Stroke, a significant global cause of death and disability, results in long-term impairments encompassing a wide range of motor deficits and enduring cognitive challenges. The ongoing degenerative mechanisms following a stroke affect not only the primary infarct region but also remote regions and white matter (WM) tracts. These tracts are connected to the primary infarct site but were not initially damaged by the stroke. This phenomenon is referred to as secondary neurodegeneration (SND) and has been characterized in fiber tracts such as the cerebrospinal tract (CST).

Previous studies report a relationship between decreased anisotropy in the ipsilesional CST and the severity of motor impairment post-stroke. As decreased anisotropy is a sign of SND, these findings highlight the importance and influence of SND on motor recovery. Thus, anisotropy could be a promising biomarker for motor recovery post-stroke.

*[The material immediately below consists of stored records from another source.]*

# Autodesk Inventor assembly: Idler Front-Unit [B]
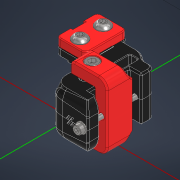
[picture p0: Inventor's stored thumbnail of the model, 180x180]
Saved by Autodesk Inventor 2022.2 (Build 262287010, 287A)
## iProperties
Created: 2022-03-14
Part Number: Idler Front-Unit [B]
Document SubType Name: Assembly
Designer: sleib
Author: sleib
## Documents named in this file (10)
- C:\Users\sleib\Projekte\Voron-2\CAD\Inventor\Idler Front-Unit [B].iam
- C:\Users\sleib\Projekte\Voron-2\CAD\Inventor\Idler Front Top [B].ipt
- C:\Users\sleib\Projekte\Voron-2\CAD\Inventor\Idler Front Bottom [B].ipt
- C:\Users\sleib\Projekte\Voron-2\CAD\Inventor\Idler Front Tensioner-Unit [B].iam
- C:\Users\sleib\Projekte\Voron-2\CAD\Inventor\M3x40 SHCS.ipt
- C:\Users\sleib\Projekte\Voron-2\CAD\Inventor\M5 Spacer (1mm).ipt
- C:\Users\sleib\Projekte\Voron-2\CAD\Inventor\Bearing F695-ZZ.ipt
- C:\Users\sleib\Projekte\Voron-2\CAD\Inventor\Z Belt-Clamp Upper.ipt
- C:\Users\sleib\Projekte\Voron-2\CAD\Inventor\M5x16 BHCS.ipt
- C:\Users\sleib\Projekte\Voron-2\CAD\Inventor\M3 Washer.ipt
## Components (12 placed, 9 different names)
1. Idler Front Top [B]:1 — Passend:1, Passend:3, Passend:5, Passend:6, Fluchtend:1, Winkel:1, Passend:8, Passend:11, Passend:19, Passend:22, Passend:25, Passend:26
2. Idler Front Bottom [B]:1 — Passend:5, Passend:6, Fluchtend:1, Passend:30, Passend:32
3. Idler Front Tensioner-Unit [B]:1 [sub-assembly] — Winkel:1, Passend:9, Passend:11, Passend:12, Passend:13, Passend:14, Passend:15
4. M3x40 SHCS:1 — Passend:8, Passend:9, Passend:29, Passend:31
5. M5 Spacer (1mm):1 — Passend:12, Passend:18, Passend:19
6. M5 Spacer (1mm):2 — Passend:15, Passend:16
7. Bearing F695-ZZ:1 — Passend:13, Passend:17, Passend:18
8. Bearing F695-ZZ:2 — Passend:14, Passend:16, Passend:17
9. Z Belt-Clamp Upper:1 — Passend:22, Passend:23, Passend:24, Passend:27, Passend:28
10. M5x16 BHCS:1 — Passend:23, Passend:25, Passend:27
11. M5x16 BHCS:2 — Passend:24, Passend:26, Passend:28
12. M3 Washer:1 — Passend:29, Passend:30, Passend:31
## Relationships (28: Mate 26, Flush 1, Angle 1)
- Passend:1 [Mate]: Idler Front Top [B]:1
- Passend:3 [Mate]: Idler Front Top [B]:1
- Passend:5 [Mate]: Idler Front Top [B]:1 ↔ Idler Front Bottom [B]:1
- Passend:6 [Mate]: Idler Front Top [B]:1 ↔ Idler Front Bottom [B]:1
- Fluchtend:1 [Flush]: Idler Front Top [B]:1 ↔ Idler Front Bottom [B]:1
- Winkel:1 [Angle] (0 deg): Idler Front Top [B]:1 ↔ Idler Front Tensioner-Unit [B]:1
- Passend:8 [Mate]: Idler Front Top [B]:1 ↔ M3x40 SHCS:1
- Passend:9 [Mate]: Idler Front Tensioner-Unit [B]:1 ↔ M3x40 SHCS:1
- Passend:11 [Mate] (5 mm): Idler Front Top [B]:1 ↔ Idler Front Tensioner-Unit [B]:1
- Passend:12 [Mate]: Idler Front Tensioner-Unit [B]:1 ↔ M5 Spacer (1mm):1
- Passend:13 [Mate]: Idler Front Tensioner-Unit [B]:1 ↔ Bearing F695-ZZ:1
- Passend:14 [Mate]: Idler Front Tensioner-Unit [B]:1 ↔ Bearing F695-ZZ:2
- Passend:15 [Mate]: Idler Front Tensioner-Unit [B]:1 ↔ M5 Spacer (1mm):2
- Passend:16 [Mate]: M5 Spacer (1mm):2 ↔ Bearing F695-ZZ:2
- Passend:17 [Mate]: Bearing F695-ZZ:1 ↔ Bearing F695-ZZ:2
- Passend:18 [Mate]: M5 Spacer (1mm):1 ↔ Bearing F695-ZZ:1
- Passend:19 [Mate]: Idler Front Top [B]:1 ↔ M5 Spacer (1mm):1
- Passend:22 [Mate]: Idler Front Top [B]:1 ↔ Z Belt-Clamp Upper:1
- Passend:23 [Mate]: Z Belt-Clamp Upper:1 ↔ M5x16 BHCS:1
- Passend:24 [Mate]: Z Belt-Clamp Upper:1 ↔ M5x16 BHCS:2
- Passend:25 [Mate]: Idler Front Top [B]:1 ↔ M5x16 BHCS:1
- Passend:26 [Mate]: Idler Front Top [B]:1 ↔ M5x16 BHCS:2
- Passend:27 [Mate]: Z Belt-Clamp Upper:1 ↔ M5x16 BHCS:1
- Passend:28 [Mate]: Z Belt-Clamp Upper:1 ↔ M5x16 BHCS:2
- Passend:29 [Mate]: M3x40 SHCS:1 ↔ M3 Washer:1
- Passend:30 [Mate]: Idler Front Bottom [B]:1 ↔ M3 Washer:1
- Passend:31 [Mate]: M3x40 SHCS:1 ↔ M3 Washer:1
- Passend:32 [Mate]: Idler Front Bottom [B]:1

In this study, we induced cortical ischemic stroke by photothrombosis in the left sensorimotor cortex of adult C57BL/6J mice. After collecting dMRI data of the mice at different time points after stroke, we visualize specific WM tracts such as the CST and the corpus callosum (CC) with Diffusion Tensor Imaging (DTI) in the program DSI-Studio. We can then calculate diffusion metrics such as fractional anisotropy (FA), which can reveal axonal changes. Comparing these parameters, we aim to characterize SND in selected WM tracts after stroke. One focus is on identifying a correlation between the time past the stroke and the extent of SND, as well as a correlation between SND and motor impairment or stroke recovery.